Ahora se intenta luchar contra esto, pero, en mi opinión, con un enorme retraso y de forma inconsistente. A alguien lo sacan a la luz y luego viene una larga estela de deliberaciones: ¿quizás indultarlo? Incluso Chubais, que robó y arruinó el país siendo jefe de la administración presidencial, ministro de Finanzas y primer viceprimer ministro, director de RAO UES, director de «Rosnano» … Robaba por todas partes, lo destruía todo y, al final, se escapó. No sufrió ningún castigo y su caso sigue abierto. Y eso que se podría haber detenido antes a ese canalla que causó daño ideológico y económico y corrompió todo a su alrededor. Ahora dirige centros de lucha contra Rusia del lado de nuestros enemigos, sin ocultar que él mismo siempre ha sido un enemigo. Quizás ya no nos queden casos tan evidentes, pero hay una gran cantidad de personas que no se alejan mucho de Chubais. Porque fue precisamente según ese principio como se formó la élite en la década de 1990.
Sin duda, se trata de una cuestión sistémica y no simplemente de una «renovación» personal. Es consecuencia de la inercia de un período oscuro de dependencia del Occidente, la inercia del capitalismo colonial que hemos aceptado sin espíritu crítico. Hay que hacer algo al respecto. Es necesaria una transformación de la cosmovisión de nuestra sociedad y hay que empezar precisamente por la élite.
¿Estamos abordando esto o no? Tengo la impresión de que, por ahora, no lo estamos haciendo. Aunque ya hace tiempo que deberíamos haberlo hecho, ahora mismo solo nos estamos planteando si vale la pena o no.

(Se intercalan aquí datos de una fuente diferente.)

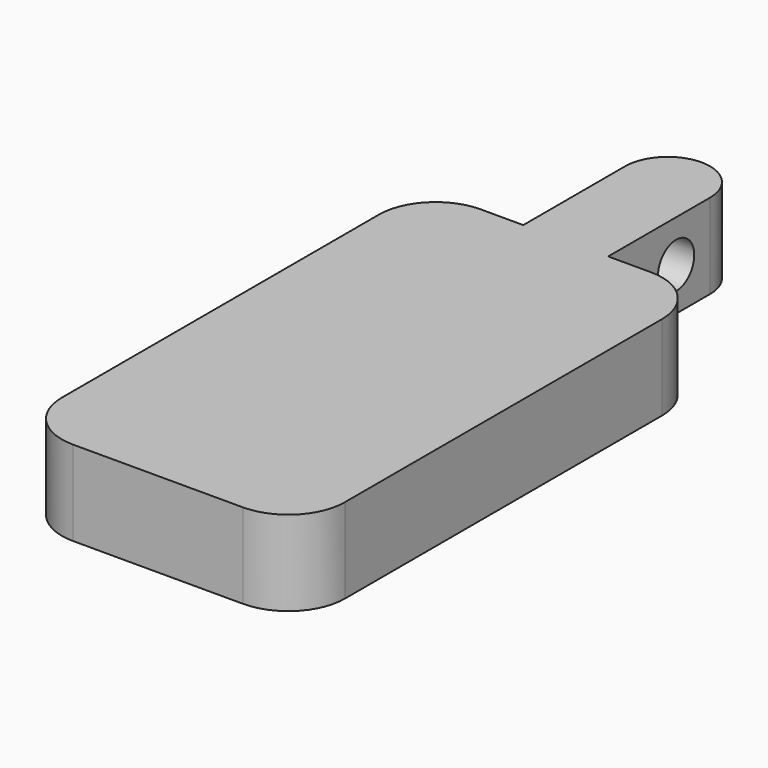
from build123d import *

# Parameters (mm, degrees)
F1_DEPTH = 15
F2_R     = 7.49999
F3_R     = 10
F4_R     = 4
F5_DEPTH = 15


# Not quite as in the source:
# - a fillet or chamfer is up to 0.001 mm smaller than in the source, because OpenCascade refuses the exact size


with BuildPart() as f1:
    # F0 (on Top) → F1 (new body)
    with BuildSketch(Plane.XY):
        Polygon((0, 90), (0, 0), (50, 0), (50, 90), (32.5, 90), (32.5, 120), (17.5, 120), (17.5, 90), align=None)
    extrude(amount=F1_DEPTH)

    # F2 (radius 7.5 in the source; OpenCascade refuses exactly that, so slightly less here)
    f2_edges = [f1.edges().sort_by_distance(p)[0] for p in [
        (17.5, 120, 7.5),
        (32.5, 120, 7.5),
    ]]
    fillet(f2_edges, radius=F2_R)

    # F3
    f3_edges = [f1.edges().sort_by_distance(p)[0] for p in [
        (0, 90, 7.5),
        (50, 90, 7.5),
        (50, 0, 7.5),
        (0, 0, 7.5),
    ]]
    fillet(f3_edges, radius=F3_R)

    # F4 (on face) → F5 (cut)
    with BuildSketch(Plane.YZ.offset(32.5)):
        with Locations((105, 7.5)):
            Circle(F4_R)
    extrude(amount=-F5_DEPTH, mode=Mode.SUBTRACT)


solid = f1.part
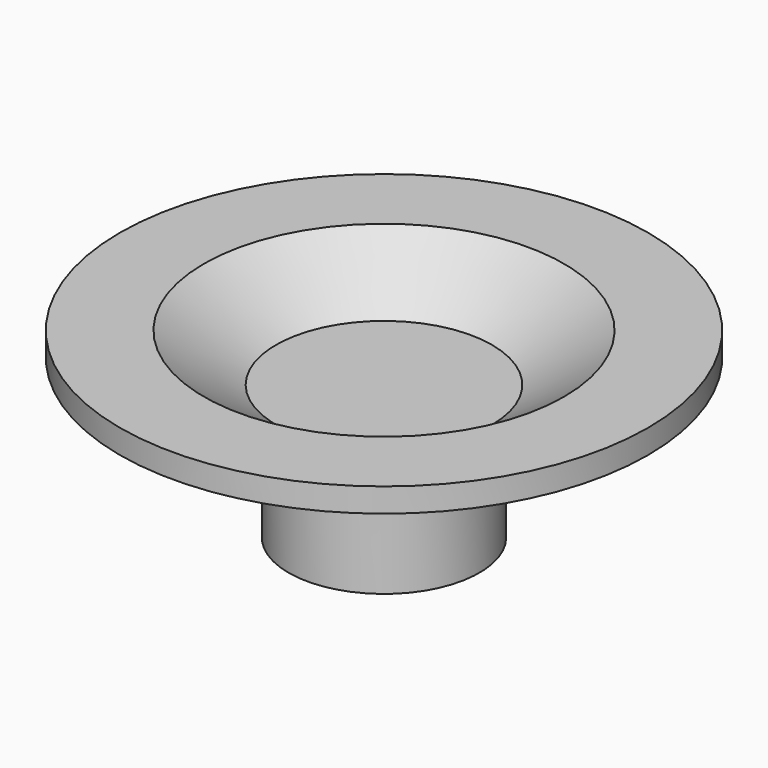
from build123d import *

# Parameters (mm, degrees)
F2_R     = 7.5
F3_DEPTH = 2
F4_SIZE2 = 1.99999
F4_SIZE  = 2.99999


# Not quite as in the source:
# - a fillet or chamfer is up to 0.001 mm smaller than in the source, because OpenCascade refuses the exact size


with BuildPart() as f1:
    # F0 (on Front) → F1 (revolve)
    with BuildSketch(Plane.XZ):
        Polygon((-3.975, 0), (0, 0), (0, 7.6), (-11, 7.6), (-11, 6.6), (-3.975, 3), align=None)
    revolve(axis=Axis((0, 0, 3.8), (0, 0, 1)))

    # F2 (on face) → F3 (cut)
    with BuildSketch(Plane.XY.offset(7.6)):
        Circle(F2_R)
    extrude(amount=-F3_DEPTH, mode=Mode.SUBTRACT)

    # F4 (size 3 and 2 in the source; OpenCascade refuses exactly that, so slightly less here)
    f4_edges = [f1.edges().sort_by_distance(p)[0] for p in [
        (-7.5, 0, 5.6),
    ]]
    f4_side = f1.faces().sort_by_distance((0, 0, 5.6))[0]
    chamfer(f4_edges, length=F4_SIZE, length2=F4_SIZE2, reference=f4_side)


solid = f1.part
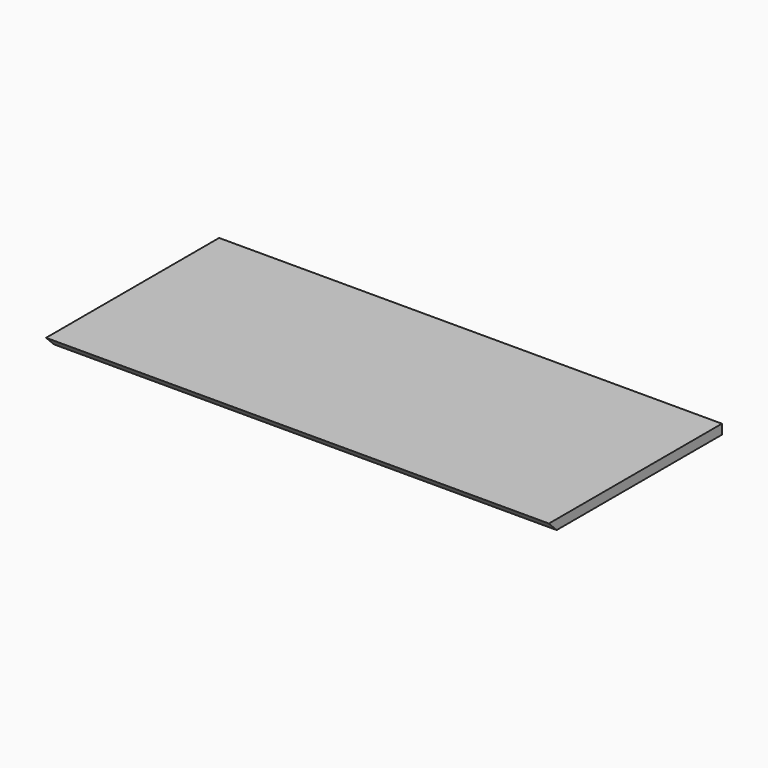
from build123d import *

# Parameters (mm, degrees)
F0_W     = 930
F0_H     = 400
F1_DEPTH = 18
F2_SIZE  = 17.99999


# Not quite as in the source:
# - a fillet or chamfer is up to 0.001 mm smaller than in the source, because OpenCascade refuses the exact size


with BuildPart() as f1:
    # F0 (on Top) → F1 (new body)
    with BuildSketch(Plane.XY):
        Rectangle(F0_W, F0_H)
    extrude(amount=-F1_DEPTH)

    # F2 (size 18 in the source; OpenCascade refuses exactly that, so slightly less here)
    f2_edges = [f1.edges().sort_by_distance(p)[0] for p in [
        (0, -200, -18),
    ]]
    chamfer(f2_edges, length=F2_SIZE)


solid = f1.part

¿Qué tipo de élite necesitamos?
Es maravilloso cuando surgen nuevas iniciativas para sanear la élite. Es la voz de personas a las que no les es indiferente el destino de la Patria y me gustaría que este proceso por fin se pusiera en marcha. Hay que establecer nuevos criterios: auténticos, comprensibles y transparentes. Quién tiene derecho y es digno de ser parte de la élite gobernante y quién no. Y hay que juzgar no solo por criterios morales, sino también por la eficacia, las cualidades empresariales, la profesionalidad y la responsabilidad. Porque si tienes mucho, respondes por mucho. Eres responsable de más cosas que una persona común. Eres responsable ante todos. Y es precisamente esta responsabilidad la que claramente le falta a toda la clase dirigente.
Si estas medidas marcaran el inicio de una recuperación, las apoyaría con fervor, de todo corazón, y participaría con gusto en la elaboración de los criterios necesarios para la nueva élite. Si, por el contrario, todo queda en medias tintas —se investiga a unos, se destituye a otros, o más bien simplemente se les traslada a otro puesto—, eso significará que no hemos madurado y no comprendemos la gravedad del problema. Y eso sería muy triste.
Pero no quisiera adelantarme. Ha pasado mucho tiempo: quienes estaban en plena forma a principios de los años noventa son hoy personas de edad avanzada. Resulta dudoso que quienes fueron seleccionados según los antiguos criterios hayan adquirido en estos 35 años las cualidades que exige el actual giro histórico de Rusia. Al contrario, me parece que han malgastado su energía y sus hijos no están en absoluto preparados para recibir el poder: solo pueden dilapidar lo que sus padres lograron arrebatar durante los años más locos.
Es una situación muy difícil. Insisto, hay que empezar por los criterios: definir cómo debe ser la élite gobernante de Rusia. Y luego, con precisión, de forma sistemática, sin excepciones personales ni vínculos de clan, proceder a la aplicación de estos principios. Creo que son fáciles de formular:
- En primer lugar, deben ser personas leales al Estado, es decir, patriotas.
- En segundo lugar, deben ser extremadamente eficaces y responder por sus éxitos y fracasos. Deben ser los mejores; de ahí el principio meritocrático.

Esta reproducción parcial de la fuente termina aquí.